- Born: 1974 (age 51–52) Ol Lalunga, Narok County, Kenya
- Occupation: Indigenous activist
- Years active: 2005–present
- Organization: Paran Women Group
- Known for: Restoring forests in the Great Rift Valley

= Naiyan Kiplagat =

Kenyan indigenous activist (born 1974)

Naiyan Jebet Kiplagat (born c. 1974) is a Kenyan human rights activist. A member of the Okiek people from the Great Rift Valley, in 2005 she co-founded the Paran Women Group, an indigenous women's group working to address the impact of climate change, patriarchy and poverty on women living in the Mau Forest.

== Personal life ==
Kiplagat was born into an Okiek family living in the Great Rift Valley in southwestern Kenya. She is also connected to the Maasai people through marriage. She lives in Ol Lalunga, a village in Narok County, Kenya, by the Mau Forest, with her four children.

== Activism ==
The Mau Forest has experienced significant deforestation, leading to changes in seasonal rainfall patterns, impacting pastures and livestock. The situation for indigenous communities dependent upon the forest were further impacted by illegal land allocations and land grabs during the presidency of Daniel arap Moi, with women required to walk four kilometres in order to access water.
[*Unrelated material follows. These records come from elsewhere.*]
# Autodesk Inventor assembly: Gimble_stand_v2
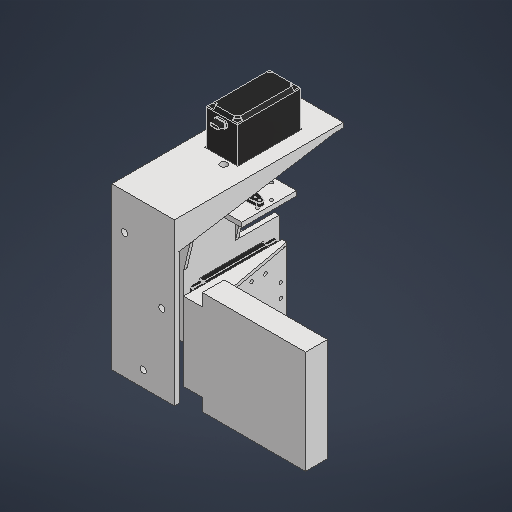
[picture p0: Inventor's stored thumbnail of the model, 512x512]
Saved by Autodesk Inventor 2026 (Build 300175000, 175)
## iProperties
Created: 2025-07-02
Part Number: Gimble_stand_v2
Document SubType Name: Assembly
Designer: user
Author: user
## Documents named in this file (6)
- C:\Users\user\OneDrive - Ashesi University\third_year\System Engineering\Project\ping_pong_mechanism\Gimble_stand_v2.iam
- C:\Users\user\OneDrive - Ashesi University\third_year\System Engineering\Project\ping_pong_mechanism\pan_base_holder_first.ipt
- C:\Users\user\OneDrive - Ashesi University\third_year\System Engineering\Project\ping_pong_mechanism\Servo Futaba S3003 v6\Servo Futaba S3003 v6\Part4.ipt
- C:\Users\user\OneDrive - Ashesi University\third_year\System Engineering\Project\ping_pong_mechanism\Servo Futaba S3003 v6\Servo Futaba S3003 v6\Aspa_creu_Axix holder_v2_one_flap.ipt
- C:\Users\user\OneDrive - Ashesi University\third_year\System Engineering\Project\ping_pong_mechanism\pan_base_holder_second.ipt
- C:\Users\user\OneDrive - Ashesi University\third_year\System Engineering\Project\ping_pong_mechanism\pan_base_holder_third.ipt
## Components (7 placed, 5 different names)
1. pan_base_holder_first:1 — Mate:1, Mate:2, Mate:3, Flush:1, Mate:7, Mate:14
2. Part4:1 — Mate:1, Mate:2, Mate:3, Mate:4, Mate:5
3. Aspa_creu_Axix holder_v2_one_flap:1 — Mate:4, Mate:5, Mate:6
4. pan_base_holder_second:1 — Mate:6, Flush:1, Mate:7, Mate:8, Mate:9, Mate:10
5. Part4:2 — Mate:8, Mate:9, Mate:10, Mate:11, Mate:12
6. Aspa_creu_Axix holder_v2_one_flap:2 — Mate:11, Mate:12, Mate:13
7. pan_base_holder_third:1 — Mate:13, Mate:14
## Relationships (15: Mate 14, Flush 1)
- Mate:1: pan_base_holder_first:1 ↔ Part4:1
- Mate:2 (0.5 mm): pan_base_holder_first:1 ↔ Part4:1
- Mate:3 (0.25 mm): pan_base_holder_first:1 ↔ Part4:1
- Mate:4: Part4:1 ↔ Aspa_creu_Axix holder_v2_one_flap:1
- Mate:5: Part4:1 ↔ Aspa_creu_Axix holder_v2_one_flap:1
- Mate:6: Aspa_creu_Axix holder_v2_one_flap:1 ↔ pan_base_holder_second:1
- Flush:1: pan_base_holder_first:1 ↔ pan_base_holder_second:1
- Mate:7 (40 mm): pan_base_holder_first:1 ↔ pan_base_holder_second:1
- Mate:8: pan_base_holder_second:1 ↔ Part4:2
- Mate:9 (0.5 mm): pan_base_holder_second:1 ↔ Part4:2
- Mate:10 (0.25 mm): pan_base_holder_second:1 ↔ Part4:2
- Mate:11: Part4:2 ↔ Aspa_creu_Axix holder_v2_one_flap:2
- Mate:12: Part4:2 ↔ Aspa_creu_Axix holder_v2_one_flap:2
- Mate:13: Aspa_creu_Axix holder_v2_one_flap:2 ↔ pan_base_holder_third:1
- Mate:14 (20 mm): pan_base_holder_first:1 ↔ pan_base_holder_third:1

In 2005, Kiplagat co-founded the Paran Women Group, which advocates for land restoration in the Great Rift Valley. The term paran comes from a Maasai word meaning "come together to assist each other". Based in Ol Lalunga, the group represents 64 Okiek and Maasai women's groups, with over 3000 members working to improve water and food security. Paran originally supported women to make and sell traditional beaded necklaces; it has since developed to assist women to establish tree nurseries to sell trees for reforestation, in addition to constructing and selling environmentally friendly stoves using charcoal briquettes rather than firewood. In addition, Paran helps women to plant vegetables and legumes, keep beehives, and collect medical herbs, as well as establishing communal kitchen gardens.

The Kenyan government granted Paran access to 200 acres of the Maasai Mau Forest block, one of 22 blocks making up the Mau Forest Complex. It also received 100, 000 USD to restore degraded land in the forest from the Terra Fund. Paran announced plans to plant 150, 000 native trees by 2030.

Kiplagat has criticised patriarchal norms in Kenya that prevent women from taking part in decision-making; she has described the oppression faced by indigenous women due to their gender and ethnicity as a "double marginalisation". Kiplagat supports women being involved in policy-making, budgeting, and planning, to ensure that they are gender-responsive. She recommends the use of indigenous knowledge to address the issue of climate change, and cited Paran's success as demonstrating that indigenous women can lead large-scale environmental restoration provided that they are given financial and technical support.

Kiplagat is a member of the African Indigenous Women Organisation, as well as the Swedish International Agricultural Network Initiative's expert group on drylands agroforestry.

== Recognition ==
In 2019, Kiplagat received the Prize for Women's Creativity in Rural Life from the Women's World Summit Foundation. At the 2023 United Nations Climate Change Conference in Dubai, United Arab Emirates, Kiplagat accepted the Climate Award on behalf of the Paran Women Group in recognition of their "climate-smart agriculture". That same year, Paran won the Gender Just Climate Solutions Award. In 2024, Kiplagat received the Alnoba Indigenous Leader Award.